Logistic Regression Model: Predicting Adult-Rated Films

Approach:

  • For this assignment, I’m building a logistic regression model to predict whether a movie is labeled as “adult” or not. The logic behind this is that certain features like a movie’s popularity or budget might be linked to whether a movie is made for mature audiences.

  • Using logistic regression, I will:

    • Convert the adult column to binary (1 to adult, 0 otherwise)

    • Use a few explanatory variables to build a logistic model

    • Interpret the model’s coefficients

    • Construct a confidence interval for one of the variables

Data Preparation

  • Here I prepare my data, converting the adult column to binary, having it as 1 if its true or 0 if its false.

  • I also chose my predictor variables to be popularity, budget, and vote_count as the values can be affected by if a movie is mature or not.

  • I also remove any NA or empty values.

data$adult <- ifelse(data$adult == "True", 1, 0)

data$popularity <- as.numeric(data$popularity)
## Warning: NAs introduced by coercion
data$budget <- as.numeric(data$budget)
## Warning: NAs introduced by coercion
data$vote_count <- as.numeric(data$vote_count)

data <- na.omit(data)
data <- data[data$budget > 0 & data$vote_count >= 0 & data$popularity >= 0, ]

Building Our Model

  • Here we build our logistic regression model, using the logit function to estimate the log-odds of a movie being adult-rated.
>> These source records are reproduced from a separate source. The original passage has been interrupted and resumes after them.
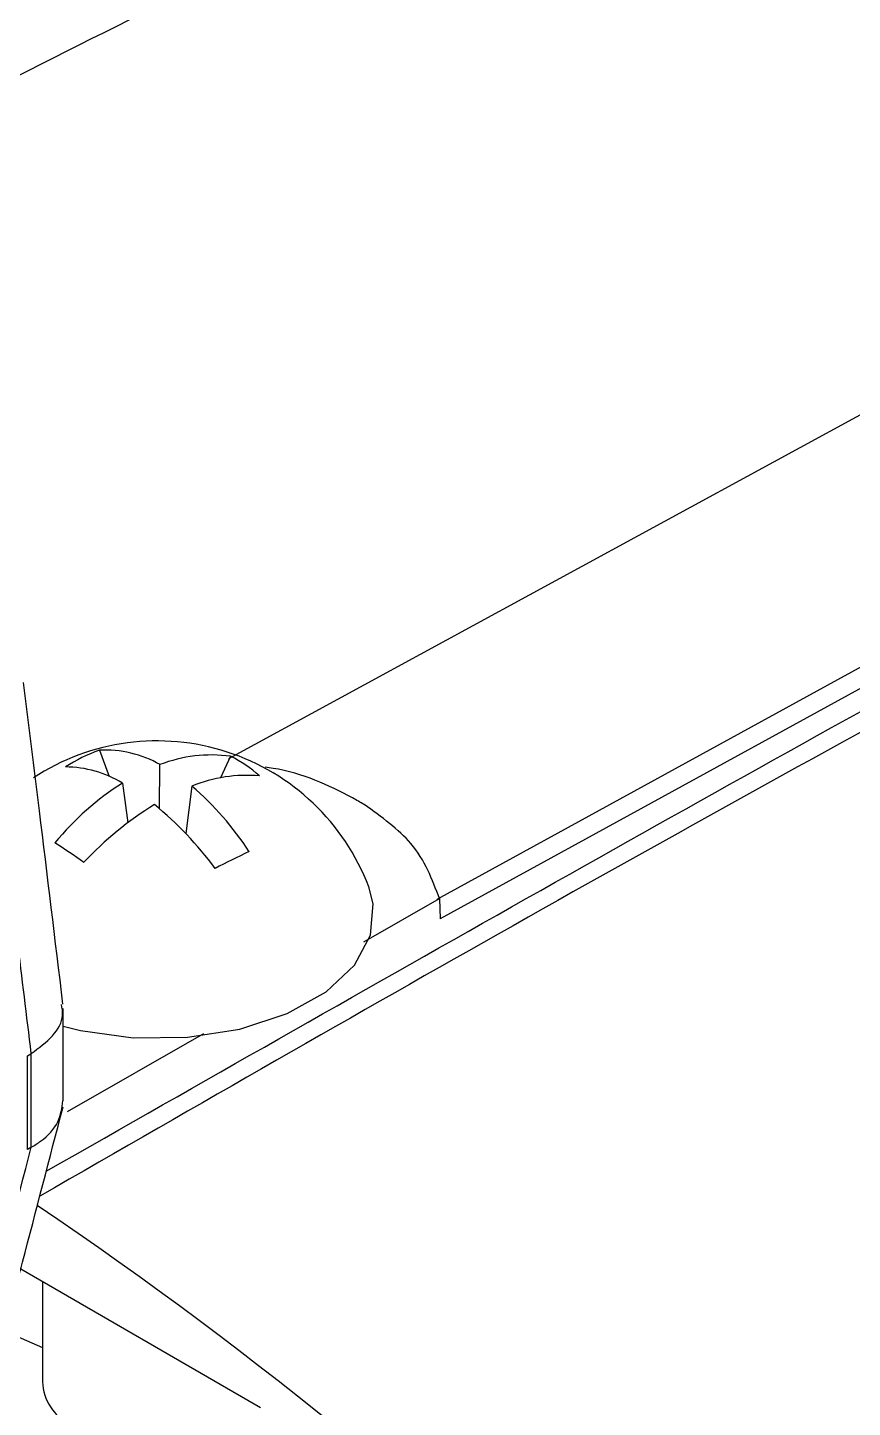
# Model space of a CAD drawing. Extents: x 8 to 113, y 0 to 87.
# Drawn here: x 79.75 to 80.649, y 71.009 to 72.513 of the extents above; entities that cross this region are included whole.
import ezdxf

# ---------------------------------------------------------------- set-up
doc = ezdxf.new("R2010")
doc.units = 0
doc.header["$MEASUREMENT"] = 0
doc.layers.add('OBJECT', color=7, linetype='CONTINUOUS')

msp = doc.modelspace()

# ---------------------------------------------------------------- linework, layer by layer
at = {"layer": 'OBJECT'}
for p, q in [((79.969, 71.7167), (80.7255, 72.1286)), ((80.1961, 71.5634), (81.1785, 72.1023)), ((81.1881, 72.0843), (80.1992, 71.5418)), ((79.828, 71.7255), (79.8387, 71.697)), ((79.971, 71.719), (79.9598, 71.6954)), ((79.8936, 71.6617), (79.894, 71.7099)), ((79.8533, 71.6898), (79.8588, 71.6465)), ((79.9288, 71.6863), (79.9221, 71.6347)), ((80.116, 71.5166), (80.1985, 71.5639)), ((80.1985, 71.5639), (80.1992, 71.5418)), ((79.7886, 71.3436), (79.7886, 71.444)), ((79.7932, 71.3317), (79.9418, 71.4168)), ((79.7497, 71.3926), (79.7534, 71.3947)), ((79.7497, 71.2905), (79.7497, 71.3926)), ((79.7534, 71.3947), (79.7534, 71.2926)), ((79.7534, 71.2926), (79.7497, 71.2905)), ((79.7422, 71.1603), (80.0036, 71.0093)), ((79.766, 71.1465), (79.766, 71.0372)), ((79.7093, 71.0992), (79.766, 71.0747))]:
    msp.add_line(p, q, dxfattribs=at)
at = {"layer": 'OBJECT', "flags": 128}
msp.add_lwpolyline([(79.7886, 71.4248), (79.8074, 71.4202), (79.8649, 71.4122), (79.9241, 71.4127), (79.9811, 71.4216), (80.0325, 71.4385), (80.0751, 71.4623), (80.106, 71.4914), (80.1235, 71.524), (80.1263, 71.5581), (80.1215, 71.5768)], dxfattribs=at)
at = {"layer": 'OBJECT'}
for centre, radius, start, end in [((79.891, 71.4891), 0.2466, 20.836, 123.1751), ((79.8871, 71.5586), 0.1771, 109.5093, 122.8912), ((79.8345, 71.6058), 0.1199, 60.2129, 93.1141), ((79.9498, 71.5676), 0.1528, 82.0552, 111.4175), ((79.9017, 71.5828), 0.1528, 48.7248, 63.0582), ((79.7904, 71.5857), 0.1216, 58.876, 89.7536), ((80.0184, 71.4284), 0.3092, 122.2702, 140.5664), ((79.9885, 71.542), 0.1562, 84.8551, 112.4872), ((79.7216, 71.4423), 0.3201, 32.6535, 49.6673), ((78.4993, 68.8795), 3.2221, 59.872, 60.1333), ((80.079, 71.3543), 0.3658, 121.463, 137.0728), ((79.6406, 71.3648), 0.39, 36.5076, 50.628), ((78.7957, 70.1381), 1.7827, 55.279, 56.504), ((80.4477, 70.6404), 1.0763, 115.1019, 117.2987), ((77.1253, 67.3397), 4.6983, 34.7871, 55.8859), ((78.8775, 69.1095), 2.0717, 62.111, 68.7011), ((79.8212, 71.0395), 0.0552, 182.3634, 242.7195), ((76.7905, 67.1215), 4.8209, 34.8332, 53.8858)]:
    msp.add_arc(centre, radius, start, end, dxfattribs=at)
for centre, major_axis, ratio, start_param, end_param in [((78.6391, 67.0675), (-1.5893, 16.547), 0.094708, 4.96788, 4.983392), ((79.6686, 72.2417), (-0.0807, 0.8484), 0.104683, 3.189403, 3.192744), ((78.2224, 70.195), (1.7697, 5.6286), 0.198355, 4.936908, 4.970599), ((79.6686, 70.9759), (0.1011, 0.3198), 0.201902, 0.213019, 0.217224)]:
    msp.add_ellipse(centre, major_axis=major_axis, ratio=ratio, start_param=start_param, end_param=end_param, dxfattribs=at)
for points, knots in [([(82.3978, 73.6574), (82.2116, 73.582), (81.8237, 73.4248), (81.2389, 73.1715), (80.6427, 72.9006), (80.1008, 72.6431), (79.7601, 72.4711), (79.6148, 72.3978)], [0, 0, 0, 0, 0.197773, 0.411812, 0.626085, 0.840554, 1, 1, 1, 1]), ([(79.77, 71.2667), (80.1082, 71.4594), (80.7933, 71.8497), (81.7711, 72.367), (82.4098, 72.6782), (82.7018, 72.8204)], [0, 0, 0, 0, 0.3459234, 0.700907, 1, 1, 1, 1]), ([(82.7018, 72.7993), (82.5944, 72.7476), (82.3054, 72.6086), (81.8446, 72.3762), (81.3183, 72.1031), (80.7996, 71.8244), (80.2808, 71.5374), (79.9349, 71.3384), (79.7629, 71.2395)], [0, 0, 0, 0, 0.1097841, 0.295318, 0.4705658, 0.646969, 0.824528, 1, 1, 1, 1]), ([(79.7883, 71.4488), (79.7798, 71.5191), (79.7656, 71.6361), (79.751, 71.7528), (79.7452, 71.7994)], [0, 0, 0, 0, 0.6008297, 1, 1, 1, 1]), ([(80.1039, 71.6737), (80.0771, 71.6872), (80.048, 71.7019), (80.0116, 71.7066), (80.0088, 71.707)], [0, 0, 0, 0, 0.9225505, 1, 1, 1, 1]), ([(80.1985, 71.5639), (80.1907, 71.5848), (80.1764, 71.6233), (80.1354, 71.6528), (80.1166, 71.6664)], [0, 0, 0, 0, 0.54186, 1, 1, 1, 1]), ([(79.7537, 71.3949), (79.7621, 71.4012), (79.779, 71.4137), (79.7896, 71.4331), (79.7874, 71.4446), (79.7866, 71.4486)], [0, 0, 0, 0, 0.396021, 0.792037, 1, 1, 1, 1]), ([(79.7538, 71.2928), (79.7572, 71.295), (79.7698, 71.3028), (79.7851, 71.3197), (79.7872, 71.3358), (79.7883, 71.3436)], [0, 0, 0, 0, 0.165872, 0.597655, 1, 1, 1, 1]), ([(79.7316, 71.1202), (79.7358, 71.136), (79.755, 71.2084), (79.7737, 71.2805), (79.7884, 71.3369)], [0, 0, 0, 0, 0.217981, 1, 1, 1, 1]), ([(80.1821, 69.9937), (80.1238, 70.0626), (80.007, 70.2004), (79.8213, 70.3923), (79.6287, 70.5716), (79.4316, 70.7339), (79.2336, 70.8772), (79.0342, 71.0022), (78.8328, 71.1087), (78.6334, 71.1944), (78.4391, 71.2584), (78.2496, 71.3014), (78.0631, 71.3247), (77.9438, 71.3218), (77.8841, 71.3203)], [0, 0, 0, 0, 0.082347, 0.164694, 0.249433, 0.334172, 0.416519, 0.498866, 0.583605, 0.668344, 0.750089, 0.831834, 0.915917, 1, 1, 1, 1]), ([(80.7152, 69.9634), (80.678, 70.0131), (80.6004, 70.1165), (80.4767, 70.2662), (80.3461, 70.4136), (80.2117, 70.5537), (80.0741, 70.686), (79.9339, 70.8103), (79.7915, 70.9249), (79.6906, 71.0015), (79.6371, 71.037), (79.632, 71.0404)], [0, 0, 0, 0, 0.114883, 0.239354, 0.363847, 0.488369, 0.612923, 0.737513, 0.862142, 0.986814, 1, 1, 1, 1])]:
    msp.add_open_spline(points, degree=3, knots=knots, dxfattribs=at)

doc.saveas('drawing.dxf')

We also use the binomial function to match the binary nature of our response variable (adult).
model <- glm(adult ~ popularity + budget + vote_count, data = data, family = binomial(link = "logit"))
## Warning: glm.fit: fitted probabilities numerically 0 or 1 occurred
summary(model)
## 
## Call:
## glm(formula = adult ~ popularity + budget + vote_count, family = binomial(link = "logit"), 
##     data = data)
## 
## Coefficients:
##               Estimate Std. Error z value Pr(>|z|)    
## (Intercept) -6.929e+00  1.394e+00  -4.972 6.63e-07 ***
## popularity  -3.558e-01  9.259e-01  -0.384    0.701    
## budget      -4.836e-07  9.142e-07  -0.529    0.597    
## vote_count  -5.880e-04  2.905e-02  -0.020    0.984    
## ---
## Signif. codes:  0 '***' 0.001 '**' 0.01 '*' 0.05 '.' 0.1 ' ' 1
## 
## (Dispersion parameter for binomial family taken to be 1)
## 
##     Null deviance: 20.183  on 8879  degrees of freedom
## Residual deviance: 17.410  on 8876  degrees of freedom
## AIC: 25.41
## 
## Number of Fisher Scoring iterations: 19

Insights:

  • The intercept of the model being -6.93 tells us that when all the predictors are 0, the odds of a movie being adult-rated are extremely low, which is expected as adult-films are very RARE.

  • None of the predictors are statistically significant as all their p-values are greater than 0.05. This means we don’t have enough evidence that any of them meaningfully affect an adult rating.

  • We also got a warning message saying “fitted probabilities numerically 0 or 1 occurred” meaning that the model gave extremely confident predictions for some data points.

Constructing a Confidence Interval

  • Here we construct our 95% CI based on popularity. It tells us we are 95% confident that popularity effects if a movie has an adult rating. If the interval includes doesn’t include 0 that means it has a meaningful effect.
coef_summary <- summary(model)$coefficients

est <- coef_summary["popularity", "Estimate"]
se <- coef_summary["popularity", "Std. Error"]

lower <- est - 1.96 * se
upper <- est + 1.96 * se

c(lower, upper)
## [1] -2.170447  1.458940
  • The confidence interval ranges between -2.17 and 1.46, which shows that it includes 0, so we do not have enough evidence that popularity is a meaningful predictor of whether a movie is adult rated.

  • We can’t confidently say whether it increases or decreases the odds of a film being adult rated.

Conclusion

In conclusion, the Logistic Regression Model suggests that none of the chosen predictors significantly impact whether a movie is adult rated. The results show weak evidence of a relationship as well as the confidence intervals for popularity including zero.